(TASK GOAL):
What is needed is an exact copy of the lines in the entries below from the one holding "Sum6/1 -> Transfer Fcn14/1" through the one holding "note: Acc(Xp)*velo(Xt)", pictures excluded.
= Beginning of Section =
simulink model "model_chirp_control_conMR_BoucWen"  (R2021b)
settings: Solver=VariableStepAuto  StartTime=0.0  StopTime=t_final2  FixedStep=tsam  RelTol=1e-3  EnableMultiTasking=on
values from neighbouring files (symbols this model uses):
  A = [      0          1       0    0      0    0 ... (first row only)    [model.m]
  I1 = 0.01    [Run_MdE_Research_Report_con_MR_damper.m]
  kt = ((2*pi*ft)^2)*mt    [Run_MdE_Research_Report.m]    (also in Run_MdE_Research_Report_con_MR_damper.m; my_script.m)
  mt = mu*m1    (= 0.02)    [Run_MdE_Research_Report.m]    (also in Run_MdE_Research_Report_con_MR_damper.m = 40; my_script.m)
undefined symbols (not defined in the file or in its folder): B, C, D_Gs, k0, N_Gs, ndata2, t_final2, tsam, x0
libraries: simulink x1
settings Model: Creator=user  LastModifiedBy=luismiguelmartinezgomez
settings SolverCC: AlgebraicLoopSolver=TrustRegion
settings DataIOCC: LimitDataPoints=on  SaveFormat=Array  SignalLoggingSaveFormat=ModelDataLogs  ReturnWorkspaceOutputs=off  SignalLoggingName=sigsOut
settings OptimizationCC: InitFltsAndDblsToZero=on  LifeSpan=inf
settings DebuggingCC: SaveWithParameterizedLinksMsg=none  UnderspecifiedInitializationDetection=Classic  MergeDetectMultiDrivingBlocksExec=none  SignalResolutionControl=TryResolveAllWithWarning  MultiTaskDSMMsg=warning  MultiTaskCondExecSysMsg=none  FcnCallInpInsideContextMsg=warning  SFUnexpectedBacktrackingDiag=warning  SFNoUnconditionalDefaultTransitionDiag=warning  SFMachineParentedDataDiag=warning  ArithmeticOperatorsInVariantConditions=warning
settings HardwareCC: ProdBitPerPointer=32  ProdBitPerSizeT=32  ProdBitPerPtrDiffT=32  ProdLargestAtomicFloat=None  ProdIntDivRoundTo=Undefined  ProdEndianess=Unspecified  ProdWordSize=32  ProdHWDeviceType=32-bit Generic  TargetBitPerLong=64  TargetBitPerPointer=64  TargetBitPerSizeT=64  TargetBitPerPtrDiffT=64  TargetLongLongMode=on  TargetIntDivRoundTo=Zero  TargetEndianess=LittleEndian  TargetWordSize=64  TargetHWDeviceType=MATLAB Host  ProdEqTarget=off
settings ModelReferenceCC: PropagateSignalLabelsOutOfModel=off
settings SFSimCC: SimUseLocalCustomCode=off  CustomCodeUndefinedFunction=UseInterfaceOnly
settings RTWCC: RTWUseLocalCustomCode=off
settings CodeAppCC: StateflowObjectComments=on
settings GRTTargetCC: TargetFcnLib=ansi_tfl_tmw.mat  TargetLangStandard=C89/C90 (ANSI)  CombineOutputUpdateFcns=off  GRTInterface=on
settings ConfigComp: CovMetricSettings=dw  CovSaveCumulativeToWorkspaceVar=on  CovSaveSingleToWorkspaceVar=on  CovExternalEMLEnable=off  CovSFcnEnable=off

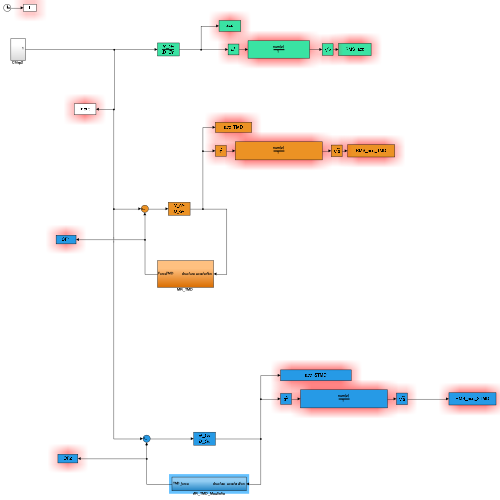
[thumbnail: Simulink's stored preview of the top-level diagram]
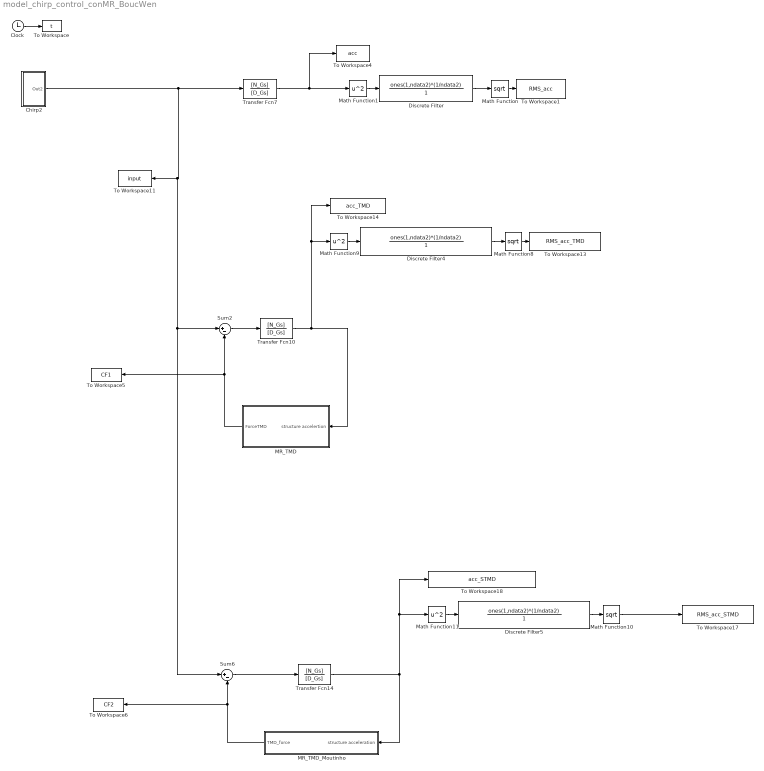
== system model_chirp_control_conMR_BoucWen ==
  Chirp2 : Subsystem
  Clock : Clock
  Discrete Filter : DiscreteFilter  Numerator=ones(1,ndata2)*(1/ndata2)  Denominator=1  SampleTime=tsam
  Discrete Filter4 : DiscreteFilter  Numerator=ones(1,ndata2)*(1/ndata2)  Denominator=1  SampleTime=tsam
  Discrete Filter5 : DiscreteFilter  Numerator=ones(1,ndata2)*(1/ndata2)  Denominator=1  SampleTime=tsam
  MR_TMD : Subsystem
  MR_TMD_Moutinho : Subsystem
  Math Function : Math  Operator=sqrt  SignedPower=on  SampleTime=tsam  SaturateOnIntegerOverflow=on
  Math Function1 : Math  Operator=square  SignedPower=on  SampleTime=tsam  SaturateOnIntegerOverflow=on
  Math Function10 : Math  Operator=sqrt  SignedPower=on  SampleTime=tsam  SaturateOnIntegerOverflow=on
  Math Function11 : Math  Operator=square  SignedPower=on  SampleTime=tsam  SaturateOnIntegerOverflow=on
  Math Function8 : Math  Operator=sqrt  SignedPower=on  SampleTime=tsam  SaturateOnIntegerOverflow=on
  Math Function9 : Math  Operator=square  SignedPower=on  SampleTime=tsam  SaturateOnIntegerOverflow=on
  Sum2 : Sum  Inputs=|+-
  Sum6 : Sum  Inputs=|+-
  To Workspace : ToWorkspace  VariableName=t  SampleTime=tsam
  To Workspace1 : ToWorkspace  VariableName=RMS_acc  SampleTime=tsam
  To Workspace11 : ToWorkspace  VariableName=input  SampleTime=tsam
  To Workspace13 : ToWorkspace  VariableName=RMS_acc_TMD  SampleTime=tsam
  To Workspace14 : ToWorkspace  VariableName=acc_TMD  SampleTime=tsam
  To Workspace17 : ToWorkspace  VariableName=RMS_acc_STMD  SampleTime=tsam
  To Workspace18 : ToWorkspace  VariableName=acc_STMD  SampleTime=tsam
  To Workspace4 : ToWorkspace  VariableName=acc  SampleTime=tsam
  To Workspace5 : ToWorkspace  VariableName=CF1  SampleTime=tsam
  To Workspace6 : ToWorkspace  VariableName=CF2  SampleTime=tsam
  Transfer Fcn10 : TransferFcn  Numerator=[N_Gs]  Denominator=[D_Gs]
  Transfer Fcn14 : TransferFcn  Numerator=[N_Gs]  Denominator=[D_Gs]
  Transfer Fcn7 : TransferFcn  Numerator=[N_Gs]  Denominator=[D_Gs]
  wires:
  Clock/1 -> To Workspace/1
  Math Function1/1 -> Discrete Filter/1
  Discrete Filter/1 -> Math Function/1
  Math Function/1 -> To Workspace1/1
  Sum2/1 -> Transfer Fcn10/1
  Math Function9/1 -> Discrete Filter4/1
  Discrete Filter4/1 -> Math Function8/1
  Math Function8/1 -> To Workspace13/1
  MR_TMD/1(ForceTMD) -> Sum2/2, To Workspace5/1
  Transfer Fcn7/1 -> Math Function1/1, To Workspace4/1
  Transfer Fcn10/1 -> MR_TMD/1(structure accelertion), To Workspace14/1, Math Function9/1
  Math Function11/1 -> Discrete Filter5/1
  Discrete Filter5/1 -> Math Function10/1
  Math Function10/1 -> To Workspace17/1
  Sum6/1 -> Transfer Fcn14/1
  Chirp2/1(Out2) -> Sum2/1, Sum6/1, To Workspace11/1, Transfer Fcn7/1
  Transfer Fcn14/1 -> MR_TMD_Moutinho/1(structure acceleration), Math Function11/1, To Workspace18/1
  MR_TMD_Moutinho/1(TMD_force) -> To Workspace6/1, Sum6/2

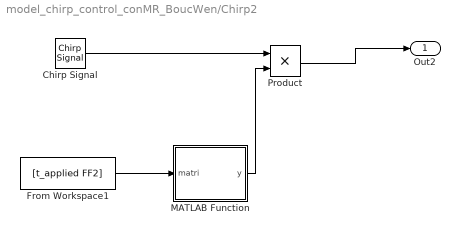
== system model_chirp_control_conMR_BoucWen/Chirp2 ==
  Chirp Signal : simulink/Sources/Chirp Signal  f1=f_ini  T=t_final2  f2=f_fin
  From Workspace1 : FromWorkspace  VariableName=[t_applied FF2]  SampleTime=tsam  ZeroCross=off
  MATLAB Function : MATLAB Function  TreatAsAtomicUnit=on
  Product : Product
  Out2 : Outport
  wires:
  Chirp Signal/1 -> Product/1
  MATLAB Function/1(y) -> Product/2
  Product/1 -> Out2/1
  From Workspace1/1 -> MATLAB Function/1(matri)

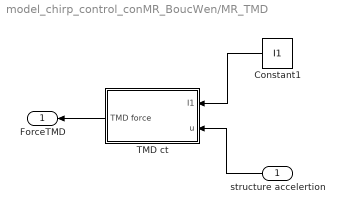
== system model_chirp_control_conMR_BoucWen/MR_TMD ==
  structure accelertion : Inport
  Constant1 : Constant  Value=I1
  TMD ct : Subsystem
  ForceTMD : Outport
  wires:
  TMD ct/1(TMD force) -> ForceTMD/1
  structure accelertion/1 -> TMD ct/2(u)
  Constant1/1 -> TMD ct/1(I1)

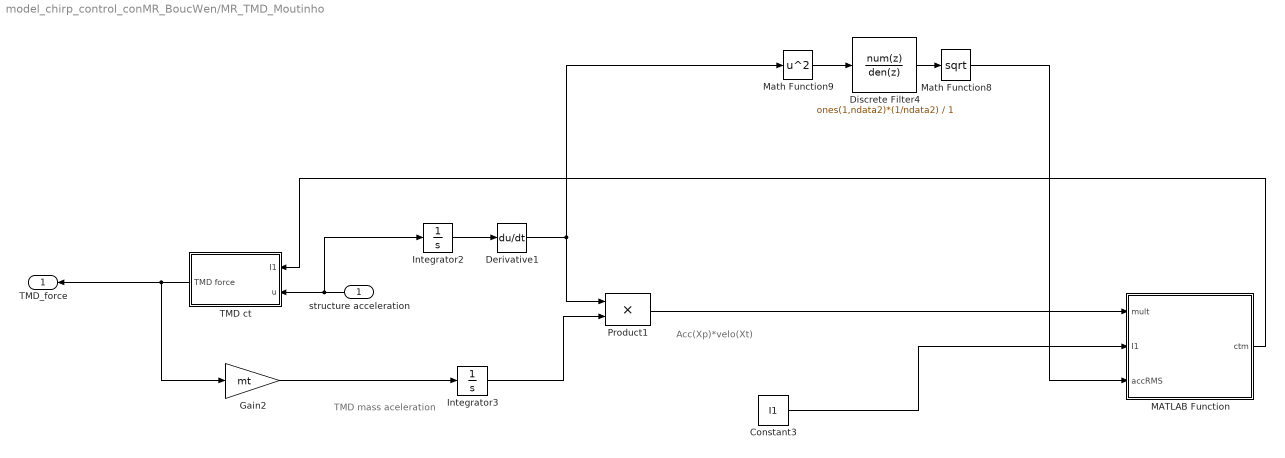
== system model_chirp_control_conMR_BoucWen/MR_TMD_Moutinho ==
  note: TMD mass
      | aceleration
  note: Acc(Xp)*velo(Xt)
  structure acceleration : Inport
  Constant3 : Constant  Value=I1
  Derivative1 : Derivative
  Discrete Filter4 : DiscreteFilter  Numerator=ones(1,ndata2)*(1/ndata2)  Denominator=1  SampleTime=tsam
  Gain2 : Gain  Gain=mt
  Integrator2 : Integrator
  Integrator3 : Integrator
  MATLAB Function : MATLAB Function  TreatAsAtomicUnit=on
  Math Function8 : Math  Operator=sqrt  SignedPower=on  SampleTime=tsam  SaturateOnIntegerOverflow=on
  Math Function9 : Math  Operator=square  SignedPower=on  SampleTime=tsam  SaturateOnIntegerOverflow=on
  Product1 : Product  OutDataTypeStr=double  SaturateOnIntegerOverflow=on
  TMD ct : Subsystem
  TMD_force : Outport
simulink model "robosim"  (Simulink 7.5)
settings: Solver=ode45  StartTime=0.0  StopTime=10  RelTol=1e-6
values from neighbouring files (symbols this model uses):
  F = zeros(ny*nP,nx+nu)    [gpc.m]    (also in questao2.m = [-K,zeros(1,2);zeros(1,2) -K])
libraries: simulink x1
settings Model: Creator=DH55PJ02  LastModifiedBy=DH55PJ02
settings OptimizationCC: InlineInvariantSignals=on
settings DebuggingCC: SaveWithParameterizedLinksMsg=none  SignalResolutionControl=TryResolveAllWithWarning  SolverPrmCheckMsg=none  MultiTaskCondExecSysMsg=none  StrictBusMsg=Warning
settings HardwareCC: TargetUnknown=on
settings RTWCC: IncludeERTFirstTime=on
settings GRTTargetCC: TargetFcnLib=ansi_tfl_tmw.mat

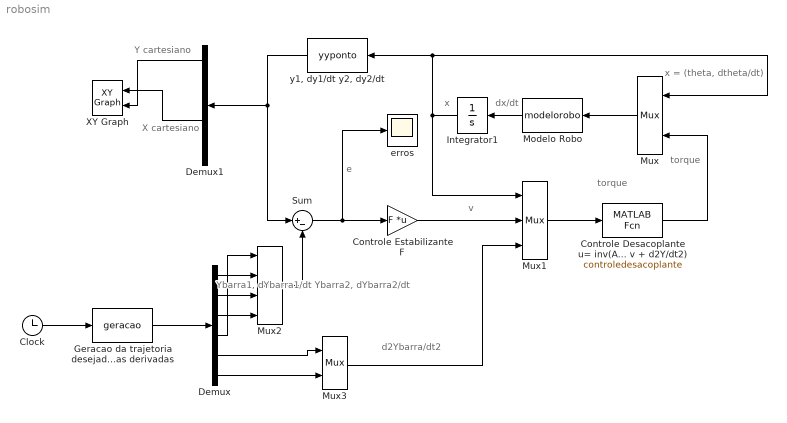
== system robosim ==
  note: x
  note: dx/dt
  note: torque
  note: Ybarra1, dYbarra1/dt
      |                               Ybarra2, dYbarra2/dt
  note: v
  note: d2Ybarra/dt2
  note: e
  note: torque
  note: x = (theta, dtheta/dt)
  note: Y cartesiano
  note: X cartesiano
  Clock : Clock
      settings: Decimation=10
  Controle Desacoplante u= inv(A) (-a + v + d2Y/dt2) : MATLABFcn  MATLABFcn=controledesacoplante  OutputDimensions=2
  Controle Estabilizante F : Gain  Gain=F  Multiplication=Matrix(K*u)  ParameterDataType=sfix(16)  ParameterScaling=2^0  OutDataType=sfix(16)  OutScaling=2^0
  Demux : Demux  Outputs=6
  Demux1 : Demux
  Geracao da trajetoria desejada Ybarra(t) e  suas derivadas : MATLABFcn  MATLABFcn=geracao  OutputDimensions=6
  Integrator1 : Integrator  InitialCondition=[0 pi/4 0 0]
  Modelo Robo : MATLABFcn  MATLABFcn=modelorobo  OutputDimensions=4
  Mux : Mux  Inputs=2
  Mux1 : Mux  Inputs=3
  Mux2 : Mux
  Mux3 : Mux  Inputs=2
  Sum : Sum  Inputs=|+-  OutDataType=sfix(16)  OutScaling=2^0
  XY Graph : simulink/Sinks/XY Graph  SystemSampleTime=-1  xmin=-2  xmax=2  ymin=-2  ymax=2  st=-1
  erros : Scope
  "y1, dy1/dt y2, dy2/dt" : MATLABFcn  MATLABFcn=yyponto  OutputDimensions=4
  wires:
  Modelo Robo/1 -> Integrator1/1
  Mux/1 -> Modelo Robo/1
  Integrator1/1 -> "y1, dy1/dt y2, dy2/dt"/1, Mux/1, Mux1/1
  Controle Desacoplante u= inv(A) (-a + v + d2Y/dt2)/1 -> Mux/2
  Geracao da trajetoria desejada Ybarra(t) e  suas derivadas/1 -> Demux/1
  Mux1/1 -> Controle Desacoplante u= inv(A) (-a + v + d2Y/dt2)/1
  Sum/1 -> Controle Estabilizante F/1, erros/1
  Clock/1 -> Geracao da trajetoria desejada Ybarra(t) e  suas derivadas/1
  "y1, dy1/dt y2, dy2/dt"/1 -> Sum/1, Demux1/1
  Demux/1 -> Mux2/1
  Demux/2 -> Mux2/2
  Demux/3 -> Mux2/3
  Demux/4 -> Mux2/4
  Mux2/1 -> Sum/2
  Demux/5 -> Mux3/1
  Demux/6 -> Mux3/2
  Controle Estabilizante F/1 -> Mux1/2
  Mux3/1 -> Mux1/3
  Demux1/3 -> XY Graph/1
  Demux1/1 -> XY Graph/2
= End of Section =
(ANSWER AREA):
  Sum6/1 -> Transfer Fcn14/1
  Chirp2/1(Out2) -> Sum2/1, Sum6/1, To Workspace11/1, Transfer Fcn7/1
  Transfer Fcn14/1 -> MR_TMD_Moutinho/1(structure acceleration), Math Function11/1, To Workspace18/1
  MR_TMD_Moutinho/1(TMD_force) -> To Workspace6/1, Sum6/2

== system model_chirp_control_conMR_BoucWen/Chirp2 ==
  Chirp Signal : simulink/Sources/Chirp Signal  f1=f_ini  T=t_final2  f2=f_fin
  From Workspace1 : FromWorkspace  VariableName=[t_applied FF2]  SampleTime=tsam  ZeroCross=off
  MATLAB Function : MATLAB Function  TreatAsAtomicUnit=on
  Product : Product
  Out2 : Outport
  wires:
  Chirp Signal/1 -> Product/1
  MATLAB Function/1(y) -> Product/2
  Product/1 -> Out2/1
  From Workspace1/1 -> MATLAB Function/1(matri)

== system model_chirp_control_conMR_BoucWen/MR_TMD ==
  structure accelertion : Inport
  Constant1 : Constant  Value=I1
  TMD ct : Subsystem
  ForceTMD : Outport
  wires:
  TMD ct/1(TMD force) -> ForceTMD/1
  structure accelertion/1 -> TMD ct/2(u)
  Constant1/1 -> TMD ct/1(I1)

== system model_chirp_control_conMR_BoucWen/MR_TMD_Moutinho ==
  note: TMD mass
      | aceleration
  note: Acc(Xp)*velo(Xt)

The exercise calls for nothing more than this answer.